Earlier this month, the agency made it clear that it wasn’t expecting Evusheld to be effective against the XBB.1.5 subvariant, which at that time was estimated to account for nearly 30 percent of circulating variants across the nation.

With that said, the FDA nonetheless has decided to wait for additional data to verify their concerns. Citing the data from the U.S. Centers for Disease Control and Prevention (CDC), the FDA indicated that Evusheld is indeed not active against XBB.1.5, which is now responsible for about half of all new COVID cases nationwide.
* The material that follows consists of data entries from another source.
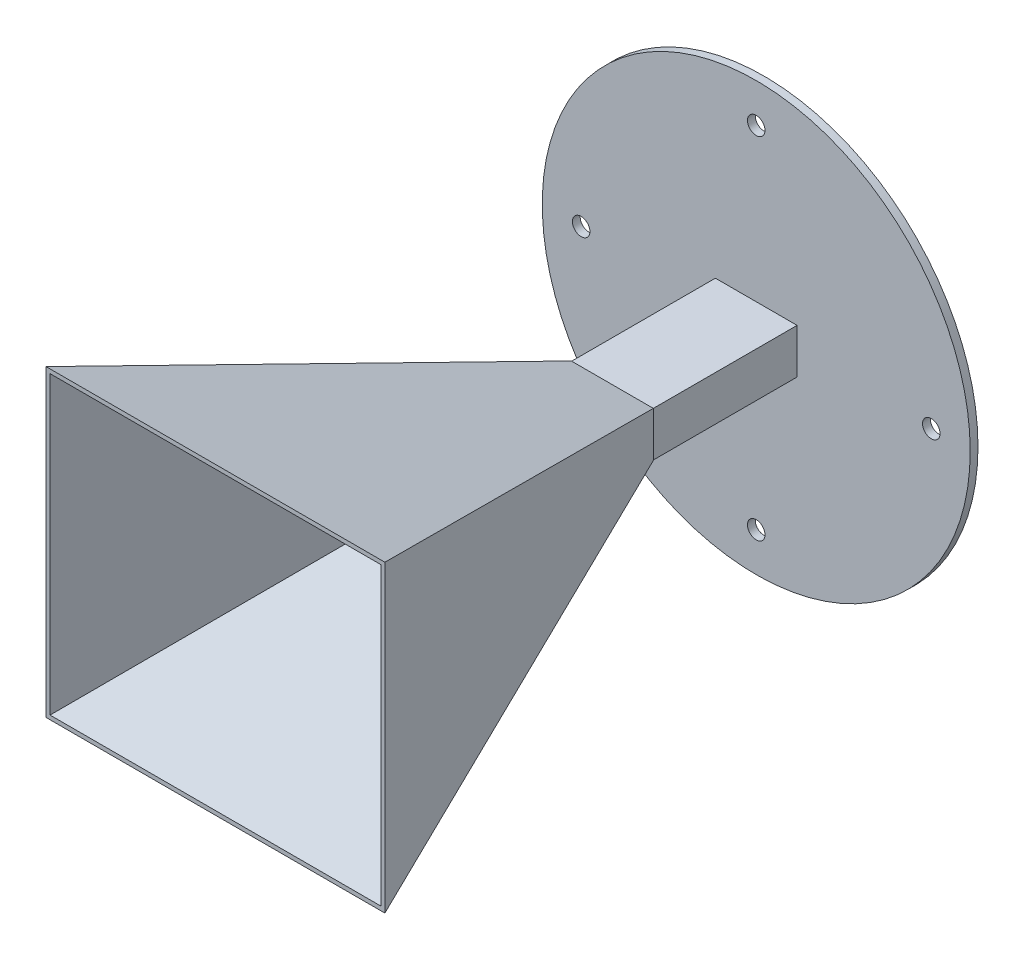
ISO-10303-21;
HEADER;
FILE_DESCRIPTION(('STEP AP214'),'2;1');
FILE_NAME('part.step','',(''),(''),'','','');
FILE_SCHEMA(('AUTOMOTIVE_DESIGN { 1 0 10303 214 1 1 1 1 }'));
ENDSEC;
DATA;
#1=APPLICATION_CONTEXT('core data for automotive mechanical design processes');
#2=APPLICATION_PROTOCOL_DEFINITION('international standard','automotive_design',2000,#1);
#3=PRODUCT_CONTEXT('',#1,'mechanical');
#4=PRODUCT('Part','Part','',(#3));
#5=PRODUCT_RELATED_PRODUCT_CATEGORY('part','',(#4));
#6=PRODUCT_DEFINITION_FORMATION('','',#4);
#7=PRODUCT_DEFINITION_CONTEXT('part definition',#1,'design');
#8=PRODUCT_DEFINITION('design','',#6,#7);
#9=PRODUCT_DEFINITION_SHAPE('','',#8);
#10=(LENGTH_UNIT() NAMED_UNIT(*) SI_UNIT(.MILLI.,.METRE.));
#11=(NAMED_UNIT(*) PLANE_ANGLE_UNIT() SI_UNIT($,.RADIAN.));
#12=(NAMED_UNIT(*) SI_UNIT($,.STERADIAN.) SOLID_ANGLE_UNIT());
#13=UNCERTAINTY_MEASURE_WITH_UNIT(LENGTH_MEASURE(1.E-05),#10,'distance_accuracy_value','');
#14=(GEOMETRIC_REPRESENTATION_CONTEXT(3) GLOBAL_UNCERTAINTY_ASSIGNED_CONTEXT((#13)) GLOBAL_UNIT_ASSIGNED_CONTEXT((#10,
#11,#12)) REPRESENTATION_CONTEXT('',''));
#15=CARTESIAN_POINT('',(0.,0.,0.));
#16=DIRECTION('',(0.,0.,1.));
#17=DIRECTION('',(1.,0.,0.));
#18=AXIS2_PLACEMENT_3D('',#15,#16,#17);
#19=CARTESIAN_POINT('',(0.,0.,2.));
#20=DIRECTION('',(0.,0.,1.));
#21=DIRECTION('',(1.,0.,0.));
#22=AXIS2_PLACEMENT_3D('',#19,#20,#21);
#23=PLANE('',#22);
#24=CARTESIAN_POINT('',(-45.,4.71349980743823E-13,2.));
#25=DIRECTION('',(0.,0.,1.));
#26=DIRECTION('',(1.,0.,0.));
#27=AXIS2_PLACEMENT_3D('',#24,#25,#26);
#28=CIRCLE('',#27,2.24999999999999);
#29=CARTESIAN_POINT('',(-42.75,4.71349980743823E-13,2.));
#30=VERTEX_POINT('',#29);
#31=EDGE_CURVE('E528',#30,#30,#28,.T.);
#32=ORIENTED_EDGE('',*,*,#31,.F.);
#33=EDGE_LOOP('',(#32));
#34=FACE_BOUND('',#33,.T.);
#35=CARTESIAN_POINT('',(0.,-45.,2.));
#36=DIRECTION('',(0.,0.,1.));
#37=DIRECTION('',(1.,0.,0.));
#38=AXIS2_PLACEMENT_3D('',#35,#36,#37);
#39=CIRCLE('',#38,2.24999999999999);
#40=CARTESIAN_POINT('',(2.24999999999999,-45.,2.));
#41=VERTEX_POINT('',#40);
#42=EDGE_CURVE('E529',#41,#41,#39,.T.);
#43=ORIENTED_EDGE('',*,*,#42,.F.);
#44=EDGE_LOOP('',(#43));
#45=FACE_BOUND('',#44,.T.);
#46=CARTESIAN_POINT('',(45.,-1.57116660247941E-13,2.));
#47=DIRECTION('',(0.,0.,1.));
#48=DIRECTION('',(1.,0.,0.));
#49=AXIS2_PLACEMENT_3D('',#46,#47,#48);
#50=CIRCLE('',#49,2.24999999999999);
#51=CARTESIAN_POINT('',(47.25,-1.57116660247941E-13,2.));
#52=VERTEX_POINT('',#51);
#53=EDGE_CURVE('E535',#52,#52,#50,.T.);
#54=ORIENTED_EDGE('',*,*,#53,.F.);
#55=EDGE_LOOP('',(#54));
#56=FACE_BOUND('',#55,.T.);
#57=CARTESIAN_POINT('',(0.,45.,2.));
#58=DIRECTION('',(0.,0.,1.));
#59=DIRECTION('',(1.,0.,0.));
#60=AXIS2_PLACEMENT_3D('',#57,#58,#59);
#61=CIRCLE('',#60,2.24999999999999);
#62=CARTESIAN_POINT('',(2.24999999999999,45.,2.));
#63=VERTEX_POINT('',#62);
#64=EDGE_CURVE('E205',#63,#63,#61,.T.);
#65=ORIENTED_EDGE('',*,*,#64,.F.);
#66=EDGE_LOOP('',(#65));
#67=FACE_BOUND('',#66,.T.);
#68=CARTESIAN_POINT('',(0.,0.,2.));
#69=DIRECTION('',(0.,0.,1.));
#70=DIRECTION('',(1.,0.,0.));
#71=AXIS2_PLACEMENT_3D('',#68,#69,#70);
#72=CIRCLE('',#71,55.);
#73=CARTESIAN_POINT('',(55.,0.,2.));
#74=VERTEX_POINT('',#73);
#75=EDGE_CURVE('E244',#74,#74,#72,.T.);
#76=ORIENTED_EDGE('',*,*,#75,.T.);
#77=EDGE_LOOP('',(#76));
#78=FACE_BOUND('',#77,.T.);
#79=DIRECTION('',(-1.,0.,0.));
#80=VECTOR('',#79,1.);
#81=CARTESIAN_POINT('',(0.,5.75,2.));
#82=LINE('',#81,#80);
#83=CARTESIAN_POINT('',(10.5,5.75,2.));
#84=VERTEX_POINT('',#83);
#85=CARTESIAN_POINT('',(-10.5,5.75,2.));
#86=VERTEX_POINT('',#85);
#87=EDGE_CURVE('E229',#84,#86,#82,.T.);
#88=ORIENTED_EDGE('',*,*,#87,.F.);
#89=DIRECTION('',(0.,1.,0.));
#90=VECTOR('',#89,1.);
#91=CARTESIAN_POINT('',(10.5,0.,2.));
#92=LINE('',#91,#90);
#93=CARTESIAN_POINT('',(10.5,-5.75,2.));
#94=VERTEX_POINT('',#93);
#95=EDGE_CURVE('E226',#94,#84,#92,.T.);
#96=ORIENTED_EDGE('',*,*,#95,.F.);
#97=DIRECTION('',(1.,0.,0.));
#98=VECTOR('',#97,1.);
#99=CARTESIAN_POINT('',(0.,-5.75,2.));
#100=LINE('',#99,#98);
#101=CARTESIAN_POINT('',(-10.5,-5.75,2.));
#102=VERTEX_POINT('',#101);
#103=EDGE_CURVE('E216',#102,#94,#100,.T.);
#104=ORIENTED_EDGE('',*,*,#103,.F.);
#105=DIRECTION('',(0.,-1.,0.));
#106=VECTOR('',#105,1.);
#107=CARTESIAN_POINT('',(-10.5,0.,2.));
#108=LINE('',#107,#106);
#109=EDGE_CURVE('E232',#86,#102,#108,.T.);
#110=ORIENTED_EDGE('',*,*,#109,.F.);
#111=EDGE_LOOP('',(#88,#96,#104,#110));
#112=FACE_BOUND('',#111,.T.);
#113=ADVANCED_FACE('F68',(#34,#45,#56,#67,#78,#112),#23,.T.);
#114=CARTESIAN_POINT('',(0.,0.,2.));
#115=DIRECTION('',(0.,0.,-1.));
#116=DIRECTION('',(-1.,0.,0.));
#117=AXIS2_PLACEMENT_3D('',#114,#115,#116);
#118=CYLINDRICAL_SURFACE('',#117,55.);
#119=ORIENTED_EDGE('',*,*,#75,.F.);
#120=EDGE_LOOP('',(#119));
#121=FACE_BOUND('',#120,.T.);
#122=CARTESIAN_POINT('',(0.,0.,0.));
#123=DIRECTION('',(0.,0.,1.));
#124=DIRECTION('',(1.,0.,0.));
#125=AXIS2_PLACEMENT_3D('',#122,#123,#124);
#126=CIRCLE('',#125,55.);
#127=CARTESIAN_POINT('',(55.,0.,0.));
#128=VERTEX_POINT('',#127);
#129=EDGE_CURVE('E243',#128,#128,#126,.T.);
#130=ORIENTED_EDGE('',*,*,#129,.T.);
#131=EDGE_LOOP('',(#130));
#132=FACE_BOUND('',#131,.T.);
#133=ADVANCED_FACE('F70',(#121,#132),#118,.T.);
#134=CARTESIAN_POINT('',(0.,0.,0.));
#135=DIRECTION('',(0.,0.,1.));
#136=DIRECTION('',(1.,0.,0.));
#137=AXIS2_PLACEMENT_3D('',#134,#135,#136);
#138=PLANE('',#137);
#139=CARTESIAN_POINT('',(-45.,4.71349980743823E-13,0.));
#140=DIRECTION('',(0.,0.,1.));
#141=DIRECTION('',(1.,0.,0.));
#142=AXIS2_PLACEMENT_3D('',#139,#140,#141);
#143=CIRCLE('',#142,2.24999999999999);
#144=CARTESIAN_POINT('',(-42.75,4.71349980743823E-13,0.));
#145=VERTEX_POINT('',#144);
#146=EDGE_CURVE('E72',#145,#145,#143,.T.);
#147=ORIENTED_EDGE('',*,*,#146,.T.);
#148=EDGE_LOOP('',(#147));
#149=FACE_BOUND('',#148,.T.);
#150=CARTESIAN_POINT('',(0.,-45.,0.));
#151=DIRECTION('',(0.,0.,1.));
#152=DIRECTION('',(1.,0.,0.));
#153=AXIS2_PLACEMENT_3D('',#150,#151,#152);
#154=CIRCLE('',#153,2.24999999999999);
#155=CARTESIAN_POINT('',(2.24999999999999,-45.,0.));
#156=VERTEX_POINT('',#155);
#157=EDGE_CURVE('E400',#156,#156,#154,.T.);
#158=ORIENTED_EDGE('',*,*,#157,.T.);
#159=EDGE_LOOP('',(#158));
#160=FACE_BOUND('',#159,.T.);
#161=CARTESIAN_POINT('',(45.,-1.57116660247941E-13,0.));
#162=DIRECTION('',(0.,0.,1.));
#163=DIRECTION('',(1.,0.,0.));
#164=AXIS2_PLACEMENT_3D('',#161,#162,#163);
#165=CIRCLE('',#164,2.24999999999999);
#166=CARTESIAN_POINT('',(47.25,-1.57116660247941E-13,0.));
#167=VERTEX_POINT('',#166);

Specifically, the FDA reported (pdf) that Evusheld doesn’t neutralize Omicron subvariants BQ.1, BQ.1.1, BF.7, BF.11, BA.5.2.6, BA.4.6, BA.2.75.2, XBB and XBB.1.5.1. These variants collectively account for 90 percent of all U.S. infections.

The move to limit the use of Evusheld also has to do with the medication’s side effects, such as allergic reactions, which can be potentially serious, according to the FDA.

AstraZeneca, the British-Swedish pharmaceutical giant that developed the drug, declared that it has started trials of another antibody, called LAAB, which so far has been able to neutralize all variants in lab settings.

“AstraZeneca is aiming to make the new LAAB available in the second half of 2023, subject to trial readouts and regulatory reviews,” the company said in a statement after the FDA pulled Evusheld authorization.

Evusheld currently remains authorized in many other countries, including Japan and those of the European Union, the company noted.

With Evusheld knocked out, there is no FDA-authorized monoclonal antibody left for immune-compromised patients who wanted a pre-exposure treatment. The last of its kind, Bebtelovimab developed by AbCellera and Eli Lilly, lost its emergency use authorization in November 2022.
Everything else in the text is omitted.